Top of DATASET RECORDS

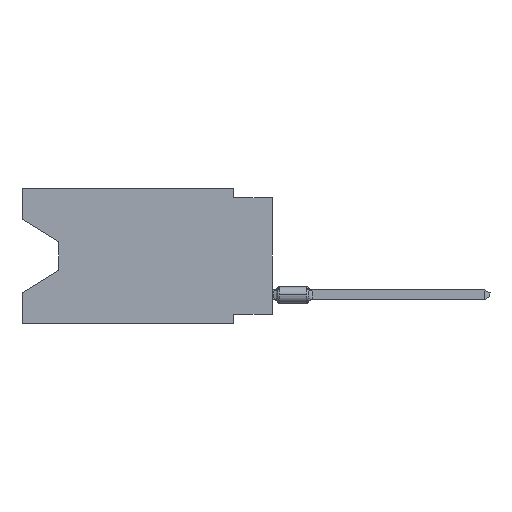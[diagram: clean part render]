
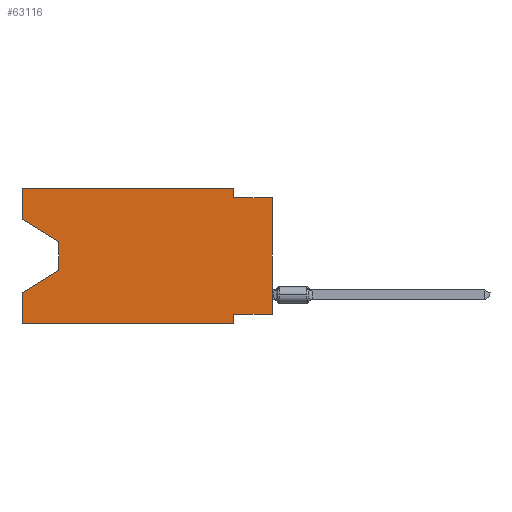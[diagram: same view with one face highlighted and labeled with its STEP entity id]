
A CAD part, left-side view. The second image highlights one B-rep face of the part: STEP entity #63116.
In plain terms, the highlighted planar face has unit normal (-1, 0, 0).
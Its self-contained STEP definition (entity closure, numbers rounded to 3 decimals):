
#10 = LINE ( 'NONE', #31589, #41955 ) ;
#13 = VECTOR ( 'NONE', #14195, 1000. ) ;
#1788 = EDGE_CURVE ( 'NONE', #63717, #60307, #5183, .T. ) ;
#2008 = CARTESIAN_POINT ( 'NONE',  ( 0., 2.54, -0.635 ) ) ;
#2190 = VERTEX_POINT ( 'NONE', #28004 ) ;
#2557 = CARTESIAN_POINT ( 'NONE',  ( 0., 2.54, 0. ) ) ;
#2893 = LINE ( 'NONE', #2557, #59441 ) ;
#3921 = CARTESIAN_POINT ( 'NONE',  ( 0., 2.54, -8.255 ) ) ;
#4645 = LINE ( 'NONE', #9779, #33650 ) ;
#4822 = DIRECTION ( 'NONE',  ( 0., 0., -1. ) ) ;
#5183 = LINE ( 'NONE', #26114, #16421 ) ;
#5497 = DIRECTION ( 'NONE',  ( 0., -0.855, -0.519 ) ) ;
#5767 = DIRECTION ( 'NONE',  ( 0., 0., -1. ) ) ;
#6119 = ORIENTED_EDGE ( 'NONE', *, *, #6840, .F. ) ;
#6840 = EDGE_CURVE ( 'NONE', #17078, #36812, #65794, .T. ) ;
#9779 = CARTESIAN_POINT ( 'NONE',  ( 0., 0., 0. ) ) ;
#10333 = EDGE_CURVE ( 'NONE', #21837, #27056, #67301, .T. ) ;
#12102 = CARTESIAN_POINT ( 'NONE',  ( 0., 13.97, -5.385 ) ) ;
#12471 = ORIENTED_EDGE ( 'NONE', *, *, #32969, .T. ) ;
#13834 = VECTOR ( 'NONE', #5767, 1000. ) ;
#14195 = DIRECTION ( 'NONE',  ( 0., 0., 1. ) ) ;
#15214 = CARTESIAN_POINT ( 'NONE',  ( 0., 16.383, 0. ) ) ;
#15545 = CARTESIAN_POINT ( 'NONE',  ( 0., 16.383, -8.89 ) ) ;
#16067 = FACE_OUTER_BOUND ( 'NONE', #33738, .T. ) ;
#16190 = CARTESIAN_POINT ( 'NONE',  ( 0., 16.383, -2.038 ) ) ;
#16421 = VECTOR ( 'NONE', #51512, 1000. ) ;
#16885 = VECTOR ( 'NONE', #55184, 1000. ) ;
#17078 = VERTEX_POINT ( 'NONE', #49705 ) ;
#17434 = VERTEX_POINT ( 'NONE', #24851 ) ;
#20015 = DIRECTION ( 'NONE',  ( 0., -1., 0. ) ) ;
#20291 = DIRECTION ( 'NONE',  ( 0., -1., 0. ) ) ;
#20364 = LINE ( 'NONE', #21640, #38631 ) ;
#20863 = PLANE ( 'NONE',  #54091 ) ;
#21640 = CARTESIAN_POINT ( 'NONE',  ( 0., 16.383, -8.89 ) ) ;
#21837 = VERTEX_POINT ( 'NONE', #2008 ) ;
#23826 = ORIENTED_EDGE ( 'NONE', *, *, #32765, .F. ) ;
#24404 = VECTOR ( 'NONE', #4822, 1000. ) ;
#24851 = CARTESIAN_POINT ( 'NONE',  ( 0., 16.383, -6.852 ) ) ;
#25832 = ORIENTED_EDGE ( 'NONE', *, *, #51046, .F. ) ;
#26114 = CARTESIAN_POINT ( 'NONE',  ( 0., 16.383, 0. ) ) ;
#26184 = ORIENTED_EDGE ( 'NONE', *, *, #36226, .F. ) ;
#27056 = VERTEX_POINT ( 'NONE', #28775 ) ;
#27628 = VECTOR ( 'NONE', #55114, 1000. ) ;
#27685 = CARTESIAN_POINT ( 'NONE',  ( 0., 13.97, -5.385 ) ) ;
#27977 = ORIENTED_EDGE ( 'NONE', *, *, #32814, .T. ) ;
#28004 = CARTESIAN_POINT ( 'NONE',  ( 0., 13.97, -3.505 ) ) ;
#28775 = CARTESIAN_POINT ( 'NONE',  ( 0., 0., -0.635 ) ) ;
#28976 = DIRECTION ( 'NONE',  ( 0., 0., -1. ) ) ;
#30245 = EDGE_CURVE ( 'NONE', #64436, #17434, #67034, .T. ) ;
#30368 = VERTEX_POINT ( 'NONE', #12102 ) ;
#31589 = CARTESIAN_POINT ( 'NONE',  ( 0., 16.383, -2.038 ) ) ;
#32765 = EDGE_CURVE ( 'NONE', #66116, #21837, #2893, .T. ) ;
#32814 = EDGE_CURVE ( 'NONE', #64436, #38359, #20364, .T. ) ;
#32969 = EDGE_CURVE ( 'NONE', #2190, #30368, #46457, .T. ) ;
#33094 = EDGE_CURVE ( 'NONE', #63717, #2190, #10, .T. ) ;
#33650 = VECTOR ( 'NONE', #67443, 1000. ) ;
#33738 = EDGE_LOOP ( 'NONE', ( #35431, #12471, #54633, #61965, #27977, #25832, #6119, #58595, #42989, #23826, #26184, #66396 ) ) ;
#35431 = ORIENTED_EDGE ( 'NONE', *, *, #33094, .T. ) ;
#36226 = EDGE_CURVE ( 'NONE', #60307, #66116, #52035, .T. ) ;
#36812 = VERTEX_POINT ( 'NONE', #3921 ) ;
#38359 = VERTEX_POINT ( 'NONE', #65303 ) ;
#38631 = VECTOR ( 'NONE', #20015, 1000. ) ;
#40719 = DIRECTION ( 'NONE',  ( 0., -1., 0. ) ) ;
#41955 = VECTOR ( 'NONE', #5497, 1000. ) ;
#42989 = ORIENTED_EDGE ( 'NONE', *, *, #10333, .F. ) ;
#43848 = CARTESIAN_POINT ( 'NONE',  ( 0., 2.54, -8.89 ) ) ;
#43937 = VECTOR ( 'NONE', #40719, 1000. ) ;
#44774 = EDGE_CURVE ( 'NONE', #30368, #17434, #64727, .T. ) ;
#45231 = CARTESIAN_POINT ( 'NONE',  ( 0., 0., -8.255 ) ) ;
#46457 = LINE ( 'NONE', #67369, #24404 ) ;
#46895 = CARTESIAN_POINT ( 'NONE',  ( 0., 16.383, 0. ) ) ;
#47313 = CARTESIAN_POINT ( 'NONE',  ( 0., 16.383, 0. ) ) ;
#49705 = CARTESIAN_POINT ( 'NONE',  ( 0., 0., -8.255 ) ) ;
#51046 = EDGE_CURVE ( 'NONE', #36812, #38359, #58273, .T. ) ;
#51512 = DIRECTION ( 'NONE',  ( 0., 0., 1. ) ) ;
#52035 = LINE ( 'NONE', #46895, #43937 ) ;
#52154 = CARTESIAN_POINT ( 'NONE',  ( 0., 16.383, 0. ) ) ;
#52526 = CARTESIAN_POINT ( 'NONE',  ( 0., 2.54, 0. ) ) ;
#54058 = EDGE_CURVE ( 'NONE', #17078, #27056, #4645, .T. ) ;
#54091 = AXIS2_PLACEMENT_3D ( 'NONE', #47313, #57920, #67542 ) ;
#54633 = ORIENTED_EDGE ( 'NONE', *, *, #44774, .T. ) ;
#55114 = DIRECTION ( 'NONE',  ( 0., 0.855, -0.519 ) ) ;
#55184 = DIRECTION ( 'NONE',  ( 0., 1., 0. ) ) ;
#55992 = CARTESIAN_POINT ( 'NONE',  ( 0., 0., -0.635 ) ) ;
#57920 = DIRECTION ( 'NONE',  ( 1., 0., 0. ) ) ;
#58273 = LINE ( 'NONE', #43848, #13834 ) ;
#58595 = ORIENTED_EDGE ( 'NONE', *, *, #54058, .T. ) ;
#59327 = VECTOR ( 'NONE', #20291, 1000. ) ;
#59441 = VECTOR ( 'NONE', #28976, 1000. ) ;
#60307 = VERTEX_POINT ( 'NONE', #52154 ) ;
#61965 = ORIENTED_EDGE ( 'NONE', *, *, #30245, .F. ) ;
#63116 = ADVANCED_FACE ( 'NONE', ( #16067 ), #20863, .F. ) ;
#63717 = VERTEX_POINT ( 'NONE', #16190 ) ;
#64436 = VERTEX_POINT ( 'NONE', #15545 ) ;
#64727 = LINE ( 'NONE', #27685, #27628 ) ;
#65303 = CARTESIAN_POINT ( 'NONE',  ( 0., 2.54, -8.89 ) ) ;
#65794 = LINE ( 'NONE', #45231, #16885 ) ;
#66116 = VERTEX_POINT ( 'NONE', #52526 ) ;
#66396 = ORIENTED_EDGE ( 'NONE', *, *, #1788, .F. ) ;
#67034 = LINE ( 'NONE', #15214, #13 ) ;
#67301 = LINE ( 'NONE', #55992, #59327 ) ;
#67369 = CARTESIAN_POINT ( 'NONE',  ( 0., 13.97, -3.505 ) ) ;
#67443 = DIRECTION ( 'NONE',  ( 0., 0., 1. ) ) ;
#67542 = DIRECTION ( 'NONE',  ( 0., 0., -1. ) ) ;

Bottom of DATASET RECORDS

Above are some lines. Repeat exactly, and only, those from the line that has "#30368 = VERTEX_POINT ( 'NONE', #12102 ) ;" through the line that has "#45231 = CARTESIAN_POINT".

OUTPUT:
#30368 = VERTEX_POINT ( 'NONE', #12102 ) ;
#31589 = CARTESIAN_POINT ( 'NONE',  ( 0., 16.383, -2.038 ) ) ;
#32765 = EDGE_CURVE ( 'NONE', #66116, #21837, #2893, .T. ) ;
#32814 = EDGE_CURVE ( 'NONE', #64436, #38359, #20364, .T. ) ;
#32969 = EDGE_CURVE ( 'NONE', #2190, #30368, #46457, .T. ) ;
#33094 = EDGE_CURVE ( 'NONE', #63717, #2190, #10, .T. ) ;
#33650 = VECTOR ( 'NONE', #67443, 1000. ) ;
#33738 = EDGE_LOOP ( 'NONE', ( #35431, #12471, #54633, #61965, #27977, #25832, #6119, #58595, #42989, #23826, #26184, #66396 ) ) ;
#35431 = ORIENTED_EDGE ( 'NONE', *, *, #33094, .T. ) ;
#36226 = EDGE_CURVE ( 'NONE', #60307, #66116, #52035, .T. ) ;
#36812 = VERTEX_POINT ( 'NONE', #3921 ) ;
#38359 = VERTEX_POINT ( 'NONE', #65303 ) ;
#38631 = VECTOR ( 'NONE', #20015, 1000. ) ;
#40719 = DIRECTION ( 'NONE',  ( 0., -1., 0. ) ) ;
#41955 = VECTOR ( 'NONE', #5497, 1000. ) ;
#42989 = ORIENTED_EDGE ( 'NONE', *, *, #10333, .F. ) ;
#43848 = CARTESIAN_POINT ( 'NONE',  ( 0., 2.54, -8.89 ) ) ;
#43937 = VECTOR ( 'NONE', #40719, 1000. ) ;
#44774 = EDGE_CURVE ( 'NONE', #30368, #17434, #64727, .T. ) ;
#45231 = CARTESIAN_POINT ( 'NONE',  ( 0., 0., -8.255 ) ) ;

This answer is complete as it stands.